Last week my sister and I went back to the town we grew up in for a visit. We had a wonderful time walking the streets of our home town. It’s changed and I guess you can’t ever really go back but I’d like to share my adventure with you and introduce you to Chester, Vermont. It’s my home town. If you ever get to Vermont be sure to visit Chester. You’ll be glad you did.

     Chester, it is the town I grew up in.  Chester is an amazing town with a fascinating history and it is one of the oldest towns in Vermont.  I grew up in the Stone Village in Chester and so I had a whole lot of history right at my fingertips from the day I came to live there until the day I left about 21 years later after I was married and my new husband and I were making our home in Rutland. I’ve been back a few times since then but you can’t really go home again.  It is the same but it is not the same.  However, I love coming home for a visit.  I love walking the streets where I grew up, climbing the hill I used to hike and play on and a few years ago, ten or so now I went back and climbed Mount Flamstead all the way to the top.  It sure has grown up and I sure have grown old.  The hike takes a little more out of me these days but oh it was fun and I remembered and found “Flamstead Rock”.
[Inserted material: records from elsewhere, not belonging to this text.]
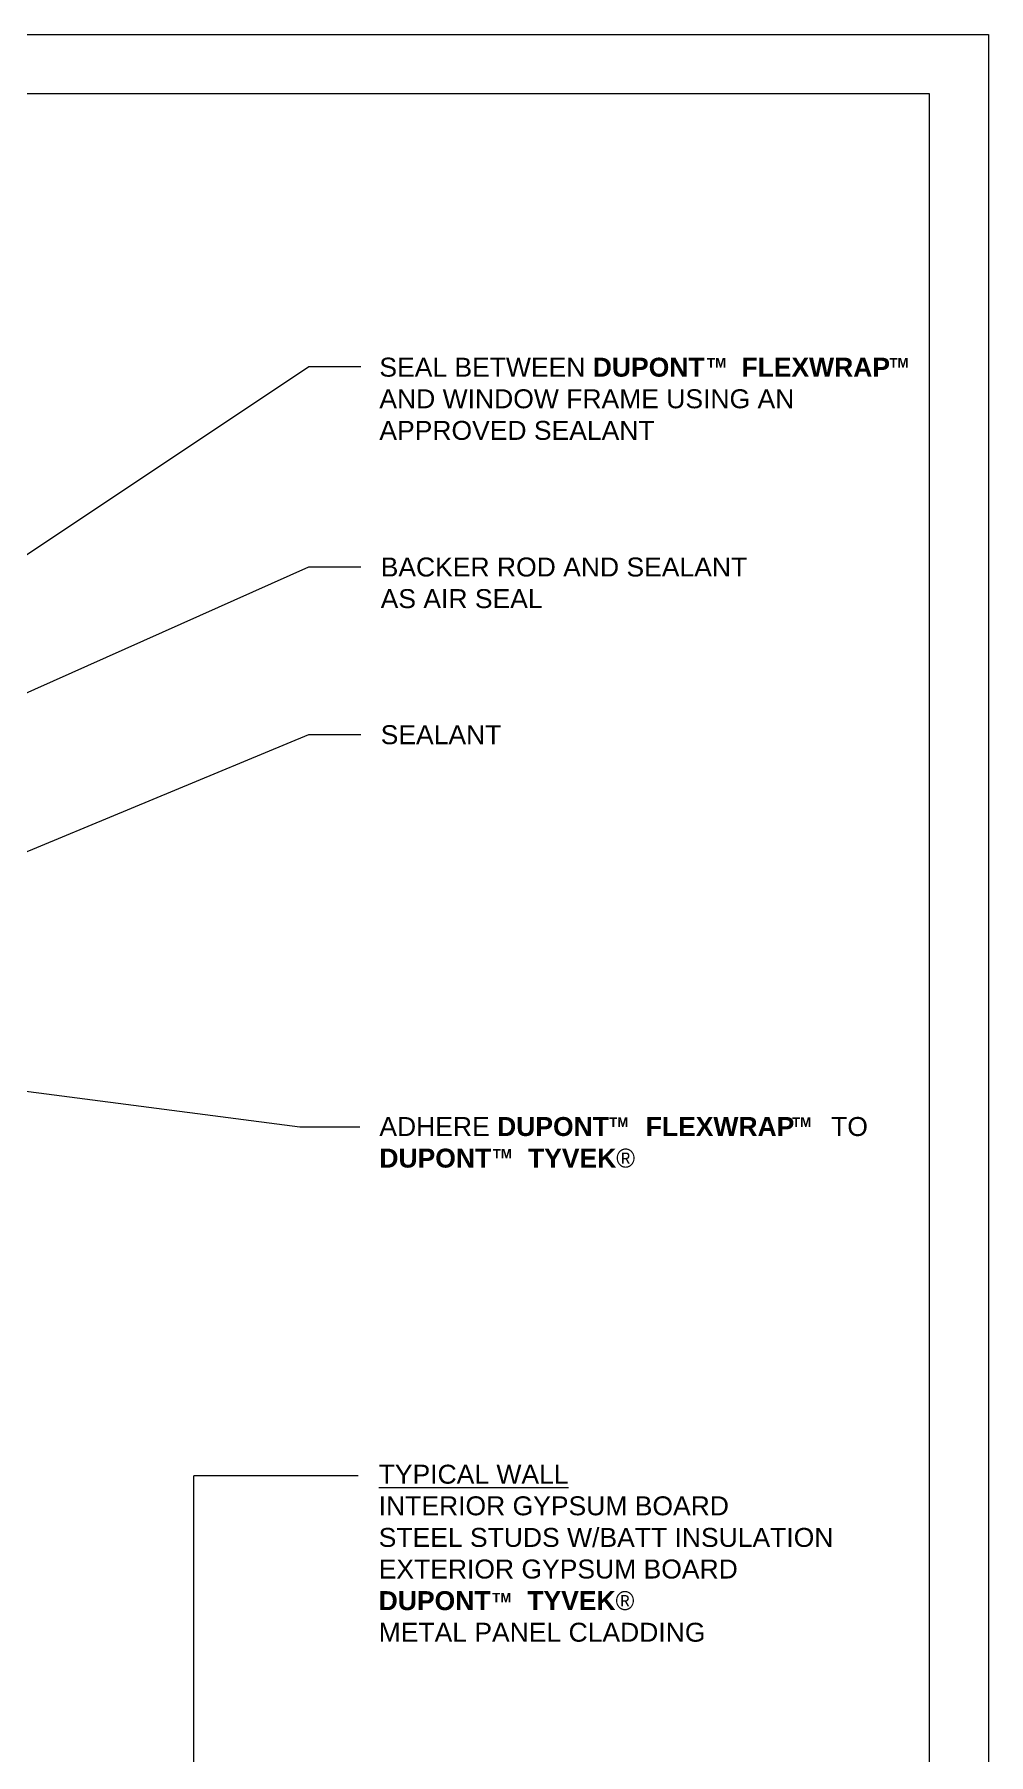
# Model space of a CAD drawing. Extents: x -129 to 26, y 0 to 100.
# Drawn here: x 13.42 to 25.5, y 11.23 to 33 of the extents above; entities that cross this region are included whole.
import ezdxf

# ---------------------------------------------------------------- set-up
doc = ezdxf.new("R2010")
doc.units = 0
doc.header["$LTSCALE"] = 1.5
doc.header["$MEASUREMENT"] = 0
doc.layers.get('DEFPOINTS').update_dxf_attribs({"linetype": 'CONTINUOUS'})
doc.layers.add('8X11-TTB$0$B', color=7, linetype='CONTINUOUS')
doc.layers.add('TEXT', color=7, linetype='CONTINUOUS')
doc.styles.add('DETAILS', font='sanss___.ttf', dxfattribs={"height": 1})
doc.dimstyles.new('TYVEKDETAILS', dxfattribs={"dimscale": 6, "dimtxt": 1.5, "dimasz": 0.1, "dimexe": 0.75, "dimexo": 0.75, "dimgap": 0.75, "dimtad": 0, "dimtih": 1, "dimtoh": 1, "dimdec": 4, "dimzin": 0, "dimtxsty": 'DETAILS', "dimcen": 0.0625, "dimazin": 3, "dimtfac": 1, "dimtdec": 4, "dimtofl": 0, "dimtmove": 0, "dimatfit": 3, "dimtolj": 1, "dimtzin": 0})

msp = doc.modelspace()

# ---------------------------------------------------------------- linework, layer by layer
at = {"layer": '8X11-TTB$0$B', "color": 7}
for p, q in [((0.7499999999999893, 32.25), (24.75, 32.25000000000001)), ((24.75, 32.25000000000001), (24.75, 0.7499999999999964))]:
    msp.add_line(p, q, dxfattribs=at)
at = {"layer": 'DEFPOINTS'}
for p, q in [((-5.329070518200751e-15, 33), (25.5, 33)), ((25.5, 33), (25.5, -3.552713678800501e-15))]:
    msp.add_line(p, q, dxfattribs=at)
at = {"layer": 'TEXT'}
for p, q in [((17.51946764123428, 14.75270909277222, -8.160628857399307e-09), (15.44278615806623, 14.75270397391947, 1.042998889611522e-08)), ((15.44278615806622, 10.01664698703715), (15.44278615806622, 14.75270397391947, 4.469995241192077e-09))]:
    msp.add_line(p, q, dxfattribs=at)

# ---------------------------------------------------------------- texts
at = {"layer": 'TEXT', "attachment_point": 1, "style": 'DETAILS'}
for s, insert, char_height, width in [('SEAL{\\fSansSerif|b1|i0|c2|p2; }BETWEEN{\\fSansSerif|b1|i0|c2|p2; DUPONT     FLEXWRAP\\P}AND WINDOW FRAME USING AN APPROVED SEALANT', (17.78923244284062, 28.90770867349331, 5.959993654922681e-09), 0.239999999976, 6.834216719783536), ('BACKER ROD AND SEALANT \\PAS AIR SEAL', (17.80606262358133, 26.37803740200865, 9.685019489217765e-09), 0.239999976, 8.659857075784474), ('SEALANT', (17.80606262358133, 24.25551514337553, 9.685019489217765e-09), 0.239999976, 8.659857075784474), ('ADHERE{\\fSansSerif|b1|i0|c2|p2; DUPONT     FLEXWRAP     }TO{\\fSansSerif|b1|i0|c2|p2; DUPONT     TYVEK\\fSymbol|b0|i0|c2|p18;â}\\P{\\fSansSerif|b1|i0|c2|p2;     }', (17.78923244284062, 19.2958081527398, 5.959993654922867e-09), 0.239999999976, 6.489242623830728), ('{\\fArial|b0|i0|c0|p34;\\LTYPICAL WALL\\P}INTERIOR GYPSUM BOARD\\PSTEEL STUDS W/BATT INSULATION\\PEXTERIOR GYPSUM BOARD\\P{\\fSansSerif|b1|i0|c2|p2;DUPONT     TYVEK\\fSymbol|b0|i0|c2|p18;â }\\PMETAL PANEL CLADDING', (17.78079323777379, 14.89469080874808, -8.160628857399307e-09), 0.239999999976, 8.659857940904283)]:
    msp.add_mtext(s, dxfattribs=dict(at, insert=insert, char_height=char_height, width=width))
at = {"layer": 'TEXT', "char_height": 0.119999999988, "attachment_point": 4, "style": 'DETAILS'}
for insert in [(21.93602562397051, 28.84359573872898, 5.959993654922681e-09), (24.2449623452484, 28.84359573872898, 5.959993654922681e-09), (20.69835272790191, 19.23169521797547, -3.725025834287623e-09), (23.01371492306088, 19.23169521797547, -3.725025834287623e-09), (19.22529640730143, 18.83144506800189, -3.725025834287623e-09), (19.21771973586552, 13.21238737570769, -8.160628857399307e-09)]:
    msp.add_mtext('{\\fSansSerif|b1|i0|c2|p2;TM}', dxfattribs=dict(at, insert=insert))

# ---------------------------------------------------------------- leaders
at = {"layer": 'TEXT'}
for points in [[(6.849302006549664, 22.088218415471, 1.489998413730761e-09), (16.89592139228861, 28.79827239715762, 1.489998413730761e-09), (17.55435760801273, 28.79715515157642, 1.489998413730761e-09)], [(6.847064467385849, 21.77328745138207, 2.234997620596124e-09), (16.89510301555479, 26.25886856442171, 2.234997620596124e-09), (17.55435760801274, 26.25896517541842, 2.234997620596124e-09)], [(11.31046045660034, 21.81741111831845, 2.234997620596124e-09), (16.89510301555479, 24.13634630578859, 2.234997620596124e-09), (17.55435760801274, 24.13644291678529, 2.234997620596124e-09)], [(10.89788097441162, 19.93457120527838, 1.025232969892889e-08), (16.78110474016342, 19.17274939936254, 1.025232969892889e-08), (17.54376634370633, 19.17274939936254, 1.025232969892889e-08)]]:
    msp.add_leader(points, dimstyle='TYVEKDETAILS', override={"dimscale": 3, "dimfxl": 3}, dxfattribs=at)

doc.saveas('drawing.dxf')
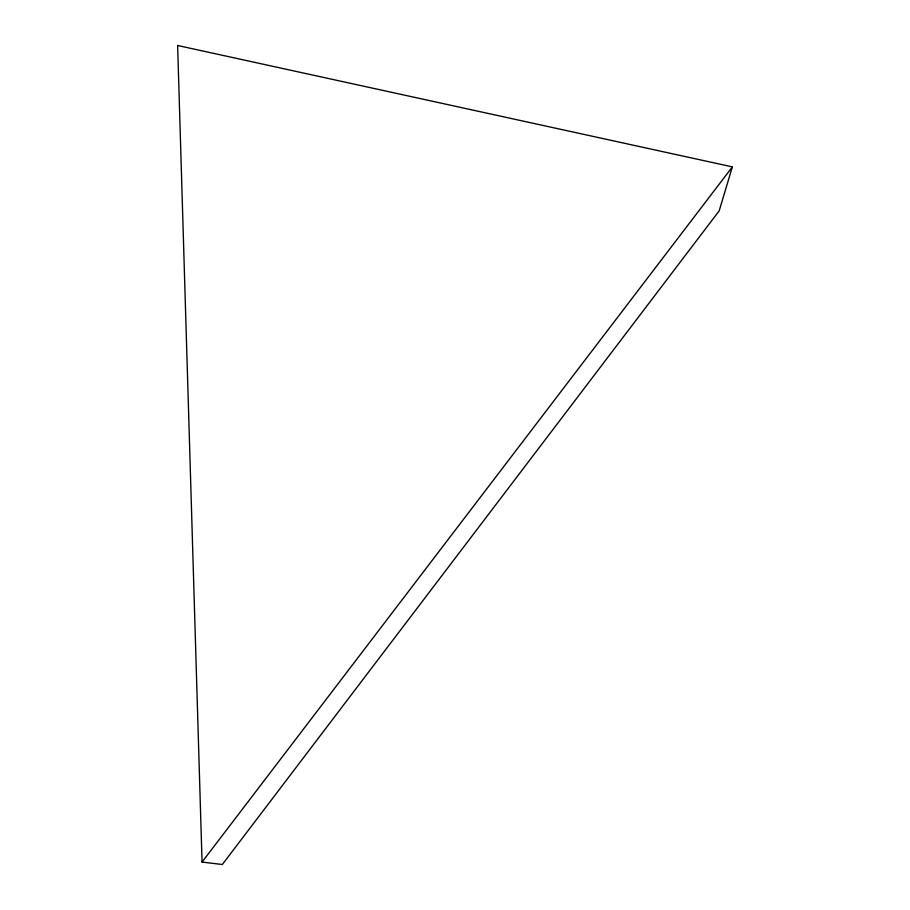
<?xml version="1.0" encoding="UTF-8"?>
<svg xmlns="http://www.w3.org/2000/svg" width="910" height="910" viewBox="0 0 910 910"><rect width="100%" height="100%" fill="white"/><g stroke="black" fill="none" stroke-linecap="round" stroke-linejoin="round"><path stroke-width="1.36" d="M732.368 166.883L719.184 210.847L222.336 864.5L202.054 862.066L177.632 45.5L732.368 166.883L202.054 862.066"/></g></svg>

     Flamstead Rock is a huge boulder outcrop that has the original name of the town engraved in it.  It doesn’t look as gigantic now as it did when I was a kid.  It was the marker once upon a time back when that told folks way back then that they had arrived.  The old stage road used to pass right by it.  Old Will Abbott (his kin were some of the early settlers here) told me the story of how the stage used to run by there and then Green Mountain Turnpike was built; a better and safer road, closer to the river and water power and more suitable to a developing town.  Chester’s watershed is massive and the Williams River and its tributaries provided an excellent source for water and steam power for the new community and though the land is hilly the soil is fertile, good for growing crops.  There is good pasture land and good forest, mostly hardwood but there are stands of pine, spruce, hemlock and balsam too.  Maple trees grow there in abundance, the sugar maple for sugar and syrup.  That’s a major industry in Vermont and the folks in Chester used to make their share of syrup.  I remember an old apple orchard too and places where wild berries grew in abundance.  There was one place in particular that I used to love to go berrying.  It was down off the Green Mountain Turnpike just a short distance past the old school house.  There was an old road that had become overgrown but you could still see where it was suppose to be and if you hiked out there maybe a quarter mile, no more, you came to a big meadow with a deserted and partially collapsed old farm house and out buildings.  The right side of that meadow was loaded with raspberry and blackberry canes growing wild and free and I used to pick probably well more than my free share of those berries.  If you moved to the south end of the meadow there were some pretty fair blueberry bushes too.  It is a fair hike to get there but if you had a hankering for berries you could be pretty sure you’d find them in abundance.  The hike was always worth the effort.